Data excerpts:
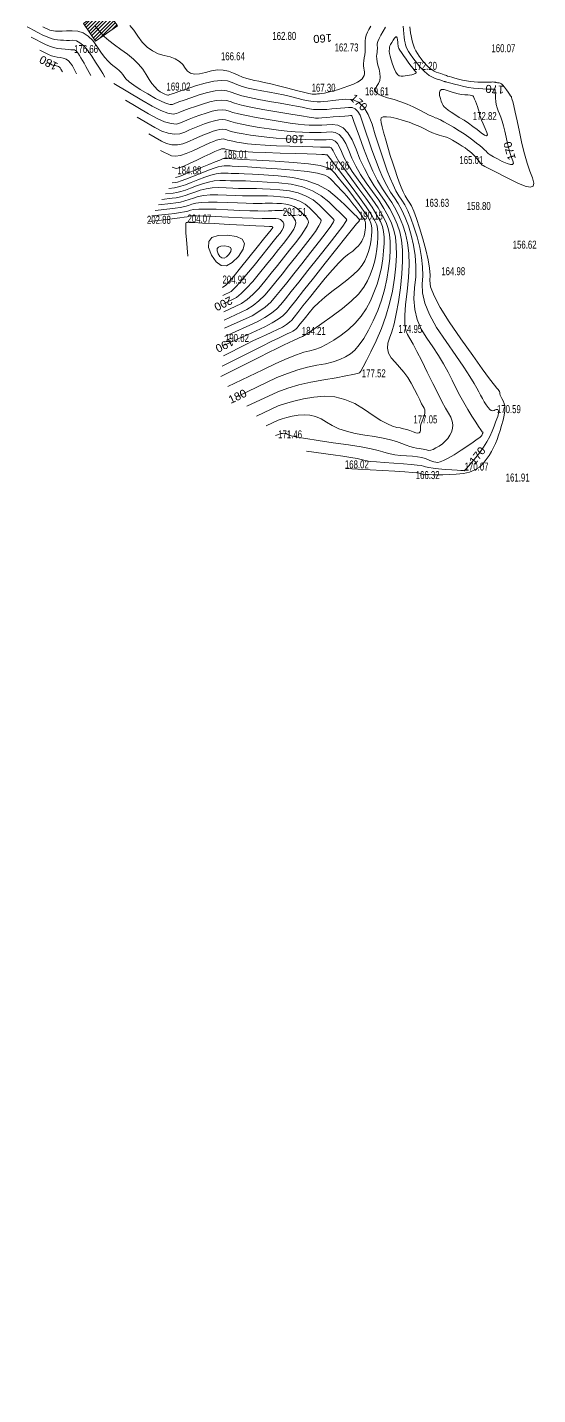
# Model space of a CAD drawing. Header units: metres. Extents: x 431006 to 434411, y 2469261 to 2473208.
# Drawn here: x 431495 to 431750, y 2471192 to 2471875 of the extents above; entities that cross this region are included whole.
import ezdxf
from ezdxf.enums import TextEntityAlignment as Align

# ---------------------------------------------------------------- set-up
doc = ezdxf.new("R2010")
doc.units = ezdxf.units.M
doc.header["$MEASUREMENT"] = 0
for name, color, linetype, lineweight in [('CAO DO', 8, 'Continuous', 18), ('hanh nha', 8, 'Continuous', 18), ('MH_DongMuc', 8, 'Continuous', 18), ('MH_DongMuc_Con', 8, 'Continuous', 18), ('nha cua-ks', 8, 'Continuous', 18)]:
    doc.layers.add(name, color=color, linetype=linetype, lineweight=lineweight)
doc.styles.get("Standard").update_dxf_attribs({"font": 'arial.ttf'})

msp = doc.modelspace()

# ---------------------------------------------------------------- hatches: boundary and pattern name
at = {"layer": 'hanh nha', "linetype": 'Continuous', "lineweight": 0}
h = msp.add_hatch(dxfattribs=at)
h.set_pattern_fill('ANSI31', color=32, scale=10, style=0)
h.set_pattern_definition([(45, (0, 0), (-0.8838834765, 0.8838834765), [])])
h.paths.add_polyline_path([(431611.62, 2471891.82), (431614.31, 2471906.47), (431627.46, 2471904.05), (431624.77, 2471889.4)])
h.paths.add_polyline_path([(431533.55, 2471884.78), (431522.64, 2471877.27), (431528.72, 2471868.43), (431539.63, 2471875.95)])
h.paths.add_polyline_path([(431499.19, 2471901.07), (431510.28, 2471908.8), (431517.59, 2471898.29), (431506.51, 2471890.57)])
h.paths.add_polyline_path([(431539.61, 2471903.86), (431554.2, 2471910.33), (431549.42, 2471921.11), (431534.83, 2471914.63)])
h.paths.add_polyline_path([(432917.67, 2471096.86), (432924.76, 2471097.61), (432923.67, 2471107.91), (432916.58, 2471107.15)])
h.paths.add_polyline_path([(431530.88, 2471875.66), (431532.43, 2471875.66), (431532.43, 2471876.5), (431530.88, 2471876.5)], flags=24)
h.paths.add_polyline_path([(431506.79, 2471899.15), (431508.35, 2471899.15), (431508.35, 2471899.99), (431506.79, 2471899.99)], flags=24)
h.paths.add_polyline_path([(431543.51, 2471911.52), (431545.06, 2471911.52), (431545.06, 2471912.36), (431543.51, 2471912.36)], flags=24)
h.paths.add_polyline_path([(431619.06, 2471896.57), (431620.61, 2471896.57), (431620.61, 2471897.41), (431619.06, 2471897.41)], flags=24)
h.paths.add_polyline_path([(432920.48, 2471101.68), (432922.03, 2471101.68), (432922.03, 2471102.52), (432920.48, 2471102.52)], flags=24)

# ---------------------------------------------------------------- linework, layer by layer
at = {"layer": 'MH_DongMuc', "color": 9, "lineweight": 0}
for points, elevation in [([(431528.36, 2471875.96), (431529.77, 2471874.43), (431531.12, 2471872.65), (431532.96, 2471870.74), (431535.29, 2471868.7), (431538.1, 2471866.52), (431541.4, 2471864.22), (431544.74, 2471861.83), (431547.66, 2471859.38), (431550.17, 2471856.88), (431552.27, 2471854.33), (431553.95, 2471851.73), (431555.42, 2471849.28), (431556.86, 2471847.19), (431558.29, 2471845.47), (431559.69, 2471844.11), (431561.08, 2471843.12), (431562.34, 2471842.4), (431563.38, 2471841.87), (431564.2, 2471841.53), (431564.79, 2471841.37), (431565.17, 2471841.4), (431565.92, 2471841.69), (431567.65, 2471842.29), (431570.36, 2471843.21), (431574.06, 2471844.45), (431578.73, 2471846.01), (431583.59, 2471847.45), (431587.86, 2471848.34), (431591.53, 2471848.67), (431594.6, 2471848.46), (431597.08, 2471847.69), (431599.42, 2471846.68), (431602.07, 2471845.77), (431605.04, 2471844.93), (431608.32, 2471844.18), (431611.92, 2471843.52), (431615.62, 2471842.88), (431619.22, 2471842.19), (431622.72, 2471841.46), (431626.12, 2471840.69), (431629.42, 2471839.87), (431632.48, 2471839.12), (431635.18, 2471838.57), (431637.52, 2471838.2), (431639.5, 2471838.03), (431641.11, 2471838.04), (431642.76, 2471838.18), (431644.85, 2471838.38), (431647.38, 2471838.64), (431650.35, 2471838.96), (431653.76, 2471839.35), (431657.19, 2471839.19), (431660.22, 2471837.85), (431662.86, 2471835.35), (431665.11, 2471831.69), (431666.95, 2471826.85), (431668.58, 2471821.59), (431670.16, 2471816.63), (431671.69, 2471811.97), (431673.17, 2471807.62), (431674.61, 2471803.57), (431676.03, 2471799.87), (431677.47, 2471796.56), (431678.92, 2471793.63), (431680.39, 2471791.09), (431681.87, 2471788.94), (431683.36, 2471786.63), (431684.87, 2471783.63), (431686.39, 2471779.94), (431687.93, 2471775.56), (431689.48, 2471770.49), (431690.82, 2471765.21), (431691.76, 2471760.21), (431692.27, 2471755.49), (431692.38, 2471751.05), (431692.06, 2471746.89), (431692.12, 2471742.53), (431693.35, 2471737.48), (431695.73, 2471731.74), (431699.28, 2471725.3), (431704, 2471718.17), (431708.85, 2471711.27), (431712.82, 2471705.49), (431715.91, 2471700.84), (431718.12, 2471697.32), (431719.45, 2471694.93), (431720.34, 2471693.14), (431721.25, 2471691.41), (431722.16, 2471689.74), (431723.1, 2471688.13), (431724.05, 2471686.59), (431724.97, 2471685.27), (431725.83, 2471684.33), (431726.62, 2471683.77), (431727.35, 2471683.59), (431728.01, 2471683.79), (431728.6, 2471684.11), (431729.1, 2471684.28), (431729.51, 2471684.32), (431729.83, 2471684.21), (431730.06, 2471683.96), (431730.21, 2471683.61), (431730.29, 2471683.21), (431730.3, 2471682.74), (431730.24, 2471682.22), (431730.11, 2471681.64), (431729.86, 2471680.83), (431729.42, 2471679.6), (431728.79, 2471677.96), (431727.98, 2471675.91), (431726.99, 2471673.44), (431725.8, 2471670.77), (431724.39, 2471668.12), (431722.76, 2471665.48), (431720.92, 2471662.84), (431718.86, 2471660.23), (431716.9, 2471657.87), (431715.34, 2471656.04), (431714.19, 2471654.73), (431713.45, 2471653.94), (431713.12, 2471653.67), (431712.63, 2471653.7), (431711.44, 2471653.77), (431709.54, 2471653.9), (431706.94, 2471654.09), (431703.62, 2471654.33), (431700.26, 2471654.61), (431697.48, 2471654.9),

HOW TO COMPLETE THIS TASK ::
Keeping the pictures out, output the records from above exactly and completely.

ANSWER TO THIS PROBLEM ::
# Model space of a CAD drawing. Header units: metres. Extents: x 431006 to 434411, y 2469261 to 2473208.
# Drawn here: x 431495 to 431750, y 2471192 to 2471875 of the extents above; entities that cross this region are included whole.
import ezdxf
from ezdxf.enums import TextEntityAlignment as Align

# ---------------------------------------------------------------- set-up
doc = ezdxf.new("R2010")
doc.units = ezdxf.units.M
doc.header["$MEASUREMENT"] = 0
for name, color, linetype, lineweight in [('CAO DO', 8, 'Continuous', 18), ('hanh nha', 8, 'Continuous', 18), ('MH_DongMuc', 8, 'Continuous', 18), ('MH_DongMuc_Con', 8, 'Continuous', 18), ('nha cua-ks', 8, 'Continuous', 18)]:
    doc.layers.add(name, color=color, linetype=linetype, lineweight=lineweight)
doc.styles.get("Standard").update_dxf_attribs({"font": 'arial.ttf'})

msp = doc.modelspace()

# ---------------------------------------------------------------- hatches: boundary and pattern name
at = {"layer": 'hanh nha', "linetype": 'Continuous', "lineweight": 0}
h = msp.add_hatch(dxfattribs=at)
h.set_pattern_fill('ANSI31', color=32, scale=10, style=0)
h.set_pattern_definition([(45, (0, 0), (-0.8838834765, 0.8838834765), [])])
h.paths.add_polyline_path([(431611.62, 2471891.82), (431614.31, 2471906.47), (431627.46, 2471904.05), (431624.77, 2471889.4)])
h.paths.add_polyline_path([(431533.55, 2471884.78), (431522.64, 2471877.27), (431528.72, 2471868.43), (431539.63, 2471875.95)])
h.paths.add_polyline_path([(431499.19, 2471901.07), (431510.28, 2471908.8), (431517.59, 2471898.29), (431506.51, 2471890.57)])
h.paths.add_polyline_path([(431539.61, 2471903.86), (431554.2, 2471910.33), (431549.42, 2471921.11), (431534.83, 2471914.63)])
h.paths.add_polyline_path([(432917.67, 2471096.86), (432924.76, 2471097.61), (432923.67, 2471107.91), (432916.58, 2471107.15)])
h.paths.add_polyline_path([(431530.88, 2471875.66), (431532.43, 2471875.66), (431532.43, 2471876.5), (431530.88, 2471876.5)], flags=24)
h.paths.add_polyline_path([(431506.79, 2471899.15), (431508.35, 2471899.15), (431508.35, 2471899.99), (431506.79, 2471899.99)], flags=24)
h.paths.add_polyline_path([(431543.51, 2471911.52), (431545.06, 2471911.52), (431545.06, 2471912.36), (431543.51, 2471912.36)], flags=24)
h.paths.add_polyline_path([(431619.06, 2471896.57), (431620.61, 2471896.57), (431620.61, 2471897.41), (431619.06, 2471897.41)], flags=24)
h.paths.add_polyline_path([(432920.48, 2471101.68), (432922.03, 2471101.68), (432922.03, 2471102.52), (432920.48, 2471102.52)], flags=24)

# ---------------------------------------------------------------- linework, layer by layer
at = {"layer": 'MH_DongMuc', "color": 9, "lineweight": 0}
for points, elevation in [([(431528.36, 2471875.96), (431529.77, 2471874.43), (431531.12, 2471872.65), (431532.96, 2471870.74), (431535.29, 2471868.7), (431538.1, 2471866.52), (431541.4, 2471864.22), (431544.74, 2471861.83), (431547.66, 2471859.38), (431550.17, 2471856.88), (431552.27, 2471854.33), (431553.95, 2471851.73), (431555.42, 2471849.28), (431556.86, 2471847.19), (431558.29, 2471845.47), (431559.69, 2471844.11), (431561.08, 2471843.12), (431562.34, 2471842.4), (431563.38, 2471841.87), (431564.2, 2471841.53), (431564.79, 2471841.37), (431565.17, 2471841.4), (431565.92, 2471841.69), (431567.65, 2471842.29), (431570.36, 2471843.21), (431574.06, 2471844.45), (431578.73, 2471846.01), (431583.59, 2471847.45), (431587.86, 2471848.34), (431591.53, 2471848.67), (431594.6, 2471848.46), (431597.08, 2471847.69), (431599.42, 2471846.68), (431602.07, 2471845.77), (431605.04, 2471844.93), (431608.32, 2471844.18), (431611.92, 2471843.52), (431615.62, 2471842.88), (431619.22, 2471842.19), (431622.72, 2471841.46), (431626.12, 2471840.69), (431629.42, 2471839.87), (431632.48, 2471839.12), (431635.18, 2471838.57), (431637.52, 2471838.2), (431639.5, 2471838.03), (431641.11, 2471838.04), (431642.76, 2471838.18), (431644.85, 2471838.38), (431647.38, 2471838.64), (431650.35, 2471838.96), (431653.76, 2471839.35), (431657.19, 2471839.19), (431660.22, 2471837.85), (431662.86, 2471835.35), (431665.11, 2471831.69), (431666.95, 2471826.85), (431668.58, 2471821.59), (431670.16, 2471816.63), (431671.69, 2471811.97), (431673.17, 2471807.62), (431674.61, 2471803.57), (431676.03, 2471799.87), (431677.47, 2471796.56), (431678.92, 2471793.63), (431680.39, 2471791.09), (431681.87, 2471788.94), (431683.36, 2471786.63), (431684.87, 2471783.63), (431686.39, 2471779.94), (431687.93, 2471775.56), (431689.48, 2471770.49), (431690.82, 2471765.21), (431691.76, 2471760.21), (431692.27, 2471755.49), (431692.38, 2471751.05), (431692.06, 2471746.89), (431692.12, 2471742.53), (431693.35, 2471737.48), (431695.73, 2471731.74), (431699.28, 2471725.3), (431704, 2471718.17), (431708.85, 2471711.27), (431712.82, 2471705.49), (431715.91, 2471700.84), (431718.12, 2471697.32), (431719.45, 2471694.93), (431720.34, 2471693.14), (431721.25, 2471691.41), (431722.16, 2471689.74), (431723.1, 2471688.13), (431724.05, 2471686.59), (431724.97, 2471685.27), (431725.83, 2471684.33), (431726.62, 2471683.77), (431727.35, 2471683.59), (431728.01, 2471683.79), (431728.6, 2471684.11), (431729.1, 2471684.28), (431729.51, 2471684.32), (431729.83, 2471684.21), (431730.06, 2471683.96), (431730.21, 2471683.61), (431730.29, 2471683.21), (431730.3, 2471682.74), (431730.24, 2471682.22), (431730.11, 2471681.64), (431729.86, 2471680.83), (431729.42, 2471679.6), (431728.79, 2471677.96), (431727.98, 2471675.91), (431726.99, 2471673.44), (431725.8, 2471670.77), (431724.39, 2471668.12), (431722.76, 2471665.48), (431720.92, 2471662.84), (431718.86, 2471660.23), (431716.9, 2471657.87), (431715.34, 2471656.04), (431714.19, 2471654.73), (431713.45, 2471653.94), (431713.12, 2471653.67), (431712.63, 2471653.7), (431711.44, 2471653.77), (431709.54, 2471653.9), (431706.94, 2471654.09), (431703.62, 2471654.33), (431700.26, 2471654.61), (431697.48, 2471654.9),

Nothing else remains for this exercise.